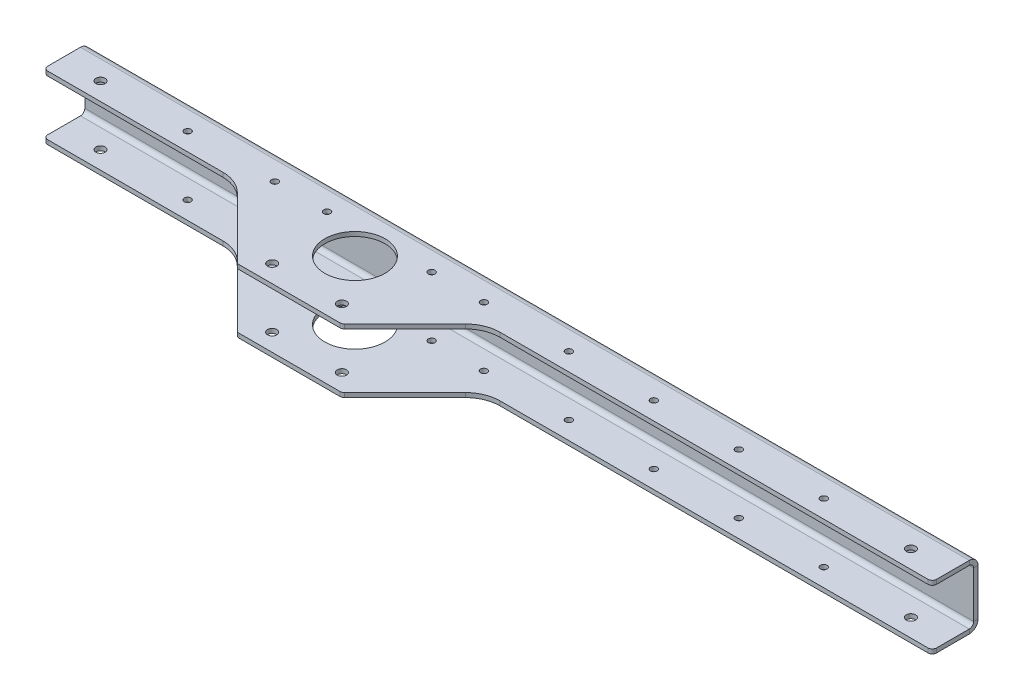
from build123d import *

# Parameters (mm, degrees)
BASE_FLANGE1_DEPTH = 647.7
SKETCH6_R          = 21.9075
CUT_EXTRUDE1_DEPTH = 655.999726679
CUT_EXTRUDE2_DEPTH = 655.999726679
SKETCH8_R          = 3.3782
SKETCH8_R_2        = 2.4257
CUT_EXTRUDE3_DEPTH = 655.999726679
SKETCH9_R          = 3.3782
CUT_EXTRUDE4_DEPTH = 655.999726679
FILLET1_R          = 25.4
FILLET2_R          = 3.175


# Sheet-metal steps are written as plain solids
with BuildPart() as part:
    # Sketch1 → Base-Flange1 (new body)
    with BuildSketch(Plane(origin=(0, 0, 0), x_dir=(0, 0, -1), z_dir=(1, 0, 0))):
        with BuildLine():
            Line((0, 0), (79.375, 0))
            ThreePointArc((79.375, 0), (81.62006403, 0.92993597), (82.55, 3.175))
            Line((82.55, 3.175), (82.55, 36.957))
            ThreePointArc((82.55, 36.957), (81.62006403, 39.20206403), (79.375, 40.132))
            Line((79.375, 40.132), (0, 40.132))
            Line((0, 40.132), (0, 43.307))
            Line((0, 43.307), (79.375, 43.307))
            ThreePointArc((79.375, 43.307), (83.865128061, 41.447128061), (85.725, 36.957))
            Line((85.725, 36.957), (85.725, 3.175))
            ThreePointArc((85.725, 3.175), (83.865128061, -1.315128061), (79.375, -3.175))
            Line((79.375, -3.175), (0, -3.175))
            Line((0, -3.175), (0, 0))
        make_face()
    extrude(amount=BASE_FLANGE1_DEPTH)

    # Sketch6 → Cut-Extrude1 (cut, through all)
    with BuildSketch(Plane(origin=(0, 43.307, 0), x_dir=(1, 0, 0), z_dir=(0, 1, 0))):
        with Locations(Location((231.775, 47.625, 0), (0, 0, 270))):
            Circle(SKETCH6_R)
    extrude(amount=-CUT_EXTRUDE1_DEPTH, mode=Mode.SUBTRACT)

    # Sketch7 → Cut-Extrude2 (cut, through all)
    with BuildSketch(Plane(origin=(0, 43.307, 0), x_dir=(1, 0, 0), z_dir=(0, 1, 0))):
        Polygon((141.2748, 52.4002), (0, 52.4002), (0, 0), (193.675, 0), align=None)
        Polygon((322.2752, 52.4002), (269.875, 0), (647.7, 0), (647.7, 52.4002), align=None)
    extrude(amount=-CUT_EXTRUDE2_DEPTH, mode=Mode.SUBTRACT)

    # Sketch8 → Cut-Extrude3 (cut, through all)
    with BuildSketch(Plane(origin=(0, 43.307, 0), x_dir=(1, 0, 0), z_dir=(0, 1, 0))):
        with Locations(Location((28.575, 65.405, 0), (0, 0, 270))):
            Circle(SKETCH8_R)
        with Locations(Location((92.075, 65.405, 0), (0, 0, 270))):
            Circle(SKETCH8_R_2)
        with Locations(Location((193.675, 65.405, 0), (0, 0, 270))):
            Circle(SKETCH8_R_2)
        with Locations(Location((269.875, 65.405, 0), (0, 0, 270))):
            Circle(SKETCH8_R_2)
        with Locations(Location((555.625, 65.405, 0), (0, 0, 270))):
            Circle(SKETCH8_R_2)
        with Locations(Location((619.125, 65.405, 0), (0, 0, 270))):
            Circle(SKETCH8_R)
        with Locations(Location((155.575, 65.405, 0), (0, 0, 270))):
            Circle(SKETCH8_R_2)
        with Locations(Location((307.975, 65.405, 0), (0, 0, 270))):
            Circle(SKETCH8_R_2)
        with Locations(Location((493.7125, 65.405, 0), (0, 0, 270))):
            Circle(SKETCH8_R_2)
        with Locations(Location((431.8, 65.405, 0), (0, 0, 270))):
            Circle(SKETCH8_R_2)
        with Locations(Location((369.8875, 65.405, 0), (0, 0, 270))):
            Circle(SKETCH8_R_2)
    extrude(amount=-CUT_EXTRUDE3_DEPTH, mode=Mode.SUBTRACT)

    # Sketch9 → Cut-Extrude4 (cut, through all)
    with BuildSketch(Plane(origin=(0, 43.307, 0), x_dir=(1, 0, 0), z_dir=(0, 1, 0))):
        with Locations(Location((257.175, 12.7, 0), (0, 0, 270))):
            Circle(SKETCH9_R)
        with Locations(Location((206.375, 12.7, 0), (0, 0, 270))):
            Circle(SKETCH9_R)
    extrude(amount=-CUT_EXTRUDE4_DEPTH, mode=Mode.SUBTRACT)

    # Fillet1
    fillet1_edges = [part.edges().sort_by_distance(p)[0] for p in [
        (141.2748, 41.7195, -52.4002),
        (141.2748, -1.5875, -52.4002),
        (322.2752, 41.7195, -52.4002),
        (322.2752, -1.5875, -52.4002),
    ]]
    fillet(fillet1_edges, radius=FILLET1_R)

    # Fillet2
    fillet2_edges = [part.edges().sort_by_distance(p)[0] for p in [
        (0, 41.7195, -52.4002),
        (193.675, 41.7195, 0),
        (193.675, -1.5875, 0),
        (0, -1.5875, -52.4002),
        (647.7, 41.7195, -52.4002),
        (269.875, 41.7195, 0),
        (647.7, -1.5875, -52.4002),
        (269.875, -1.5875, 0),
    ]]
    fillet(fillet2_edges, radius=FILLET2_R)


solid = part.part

#### About this exercise
Reproduce every line above as written, skipping pictures.

#### Written response
from build123d import *

# Parameters (mm, degrees)
BASE_FLANGE1_DEPTH = 647.7
SKETCH6_R          = 21.9075
CUT_EXTRUDE1_DEPTH = 655.999726679
CUT_EXTRUDE2_DEPTH = 655.999726679
SKETCH8_R          = 3.3782
SKETCH8_R_2        = 2.4257
CUT_EXTRUDE3_DEPTH = 655.999726679
SKETCH9_R          = 3.3782
CUT_EXTRUDE4_DEPTH = 655.999726679
FILLET1_R          = 25.4
FILLET2_R          = 3.175


# Sheet-metal steps are written as plain solids
with BuildPart() as part:
    # Sketch1 → Base-Flange1 (new body)
    with BuildSketch(Plane(origin=(0, 0, 0), x_dir=(0, 0, -1), z_dir=(1, 0, 0))):
        with BuildLine():
            Line((0, 0), (79.375, 0))
            ThreePointArc((79.375, 0), (81.62006403, 0.92993597), (82.55, 3.175))
            Line((82.55, 3.175), (82.55, 36.957))
            ThreePointArc((82.55, 36.957), (81.62006403, 39.20206403), (79.375, 40.132))
            Line((79.375, 40.132), (0, 40.132))
            Line((0, 40.132), (0, 43.307))
            Line((0, 43.307), (79.375, 43.307))
            ThreePointArc((79.375, 43.307), (83.865128061, 41.447128061), (85.725, 36.957))
            Line((85.725, 36.957), (85.725, 3.175))
            ThreePointArc((85.725, 3.175), (83.865128061, -1.315128061), (79.375, -3.175))
            Line((79.375, -3.175), (0, -3.175))
            Line((0, -3.175), (0, 0))
        make_face()
    extrude(amount=BASE_FLANGE1_DEPTH)

    # Sketch6 → Cut-Extrude1 (cut, through all)
    with BuildSketch(Plane(origin=(0, 43.307, 0), x_dir=(1, 0, 0), z_dir=(0, 1, 0))):
        with Locations(Location((231.775, 47.625, 0), (0, 0, 270))):
            Circle(SKETCH6_R)
    extrude(amount=-CUT_EXTRUDE1_DEPTH, mode=Mode.SUBTRACT)

    # Sketch7 → Cut-Extrude2 (cut, through all)
    with BuildSketch(Plane(origin=(0, 43.307, 0), x_dir=(1, 0, 0), z_dir=(0, 1, 0))):
        Polygon((141.2748, 52.4002), (0, 52.4002), (0, 0), (193.675, 0), align=None)
        Polygon((322.2752, 52.4002), (269.875, 0), (647.7, 0), (647.7, 52.4002), align=None)
    extrude(amount=-CUT_EXTRUDE2_DEPTH, mode=Mode.SUBTRACT)

    # Sketch8 → Cut-Extrude3 (cut, through all)
    with BuildSketch(Plane(origin=(0, 43.307, 0), x_dir=(1, 0, 0), z_dir=(0, 1, 0))):
        with Locations(Location((28.575, 65.405, 0), (0, 0, 270))):
            Circle(SKETCH8_R)
        with Locations(Location((92.075, 65.405, 0), (0, 0, 270))):
            Circle(SKETCH8_R_2)
        with Locations(Location((193.675, 65.405, 0), (0, 0, 270))):
            Circle(SKETCH8_R_2)
        with Locations(Location((269.875, 65.405, 0), (0, 0, 270))):
            Circle(SKETCH8_R_2)
        with Locations(Location((555.625, 65.405, 0), (0, 0, 270))):
            Circle(SKETCH8_R_2)
        with Locations(Location((619.125, 65.405, 0), (0, 0, 270))):
            Circle(SKETCH8_R)
        with Locations(Location((155.575, 65.405, 0), (0, 0, 270))):
            Circle(SKETCH8_R_2)
        with Locations(Location((307.975, 65.405, 0), (0, 0, 270))):
            Circle(SKETCH8_R_2)
        with Locations(Location((493.7125, 65.405, 0), (0, 0, 270))):
            Circle(SKETCH8_R_2)
        with Locations(Location((431.8, 65.405, 0), (0, 0, 270))):
            Circle(SKETCH8_R_2)
        with Locations(Location((369.8875, 65.405, 0), (0, 0, 270))):
            Circle(SKETCH8_R_2)
    extrude(amount=-CUT_EXTRUDE3_DEPTH, mode=Mode.SUBTRACT)

    # Sketch9 → Cut-Extrude4 (cut, through all)
    with BuildSketch(Plane(origin=(0, 43.307, 0), x_dir=(1, 0, 0), z_dir=(0, 1, 0))):
        with Locations(Location((257.175, 12.7, 0), (0, 0, 270))):
            Circle(SKETCH9_R)
        with Locations(Location((206.375, 12.7, 0), (0, 0, 270))):
            Circle(SKETCH9_R)
    extrude(amount=-CUT_EXTRUDE4_DEPTH, mode=Mode.SUBTRACT)

    # Fillet1
    fillet1_edges = [part.edges().sort_by_distance(p)[0] for p in [
        (141.2748, 41.7195, -52.4002),
        (141.2748, -1.5875, -52.4002),
        (322.2752, 41.7195, -52.4002),
        (322.2752, -1.5875, -52.4002),
    ]]
    fillet(fillet1_edges, radius=FILLET1_R)

    # Fillet2
    fillet2_edges = [part.edges().sort_by_distance(p)[0] for p in [
        (0, 41.7195, -52.4002),
        (193.675, 41.7195, 0),
        (193.675, -1.5875, 0),
        (0, -1.5875, -52.4002),
        (647.7, 41.7195, -52.4002),
        (269.875, 41.7195, 0),
        (647.7, -1.5875, -52.4002),
        (269.875, -1.5875, 0),
    ]]
    fillet(fillet2_edges, radius=FILLET2_R)


solid = part.part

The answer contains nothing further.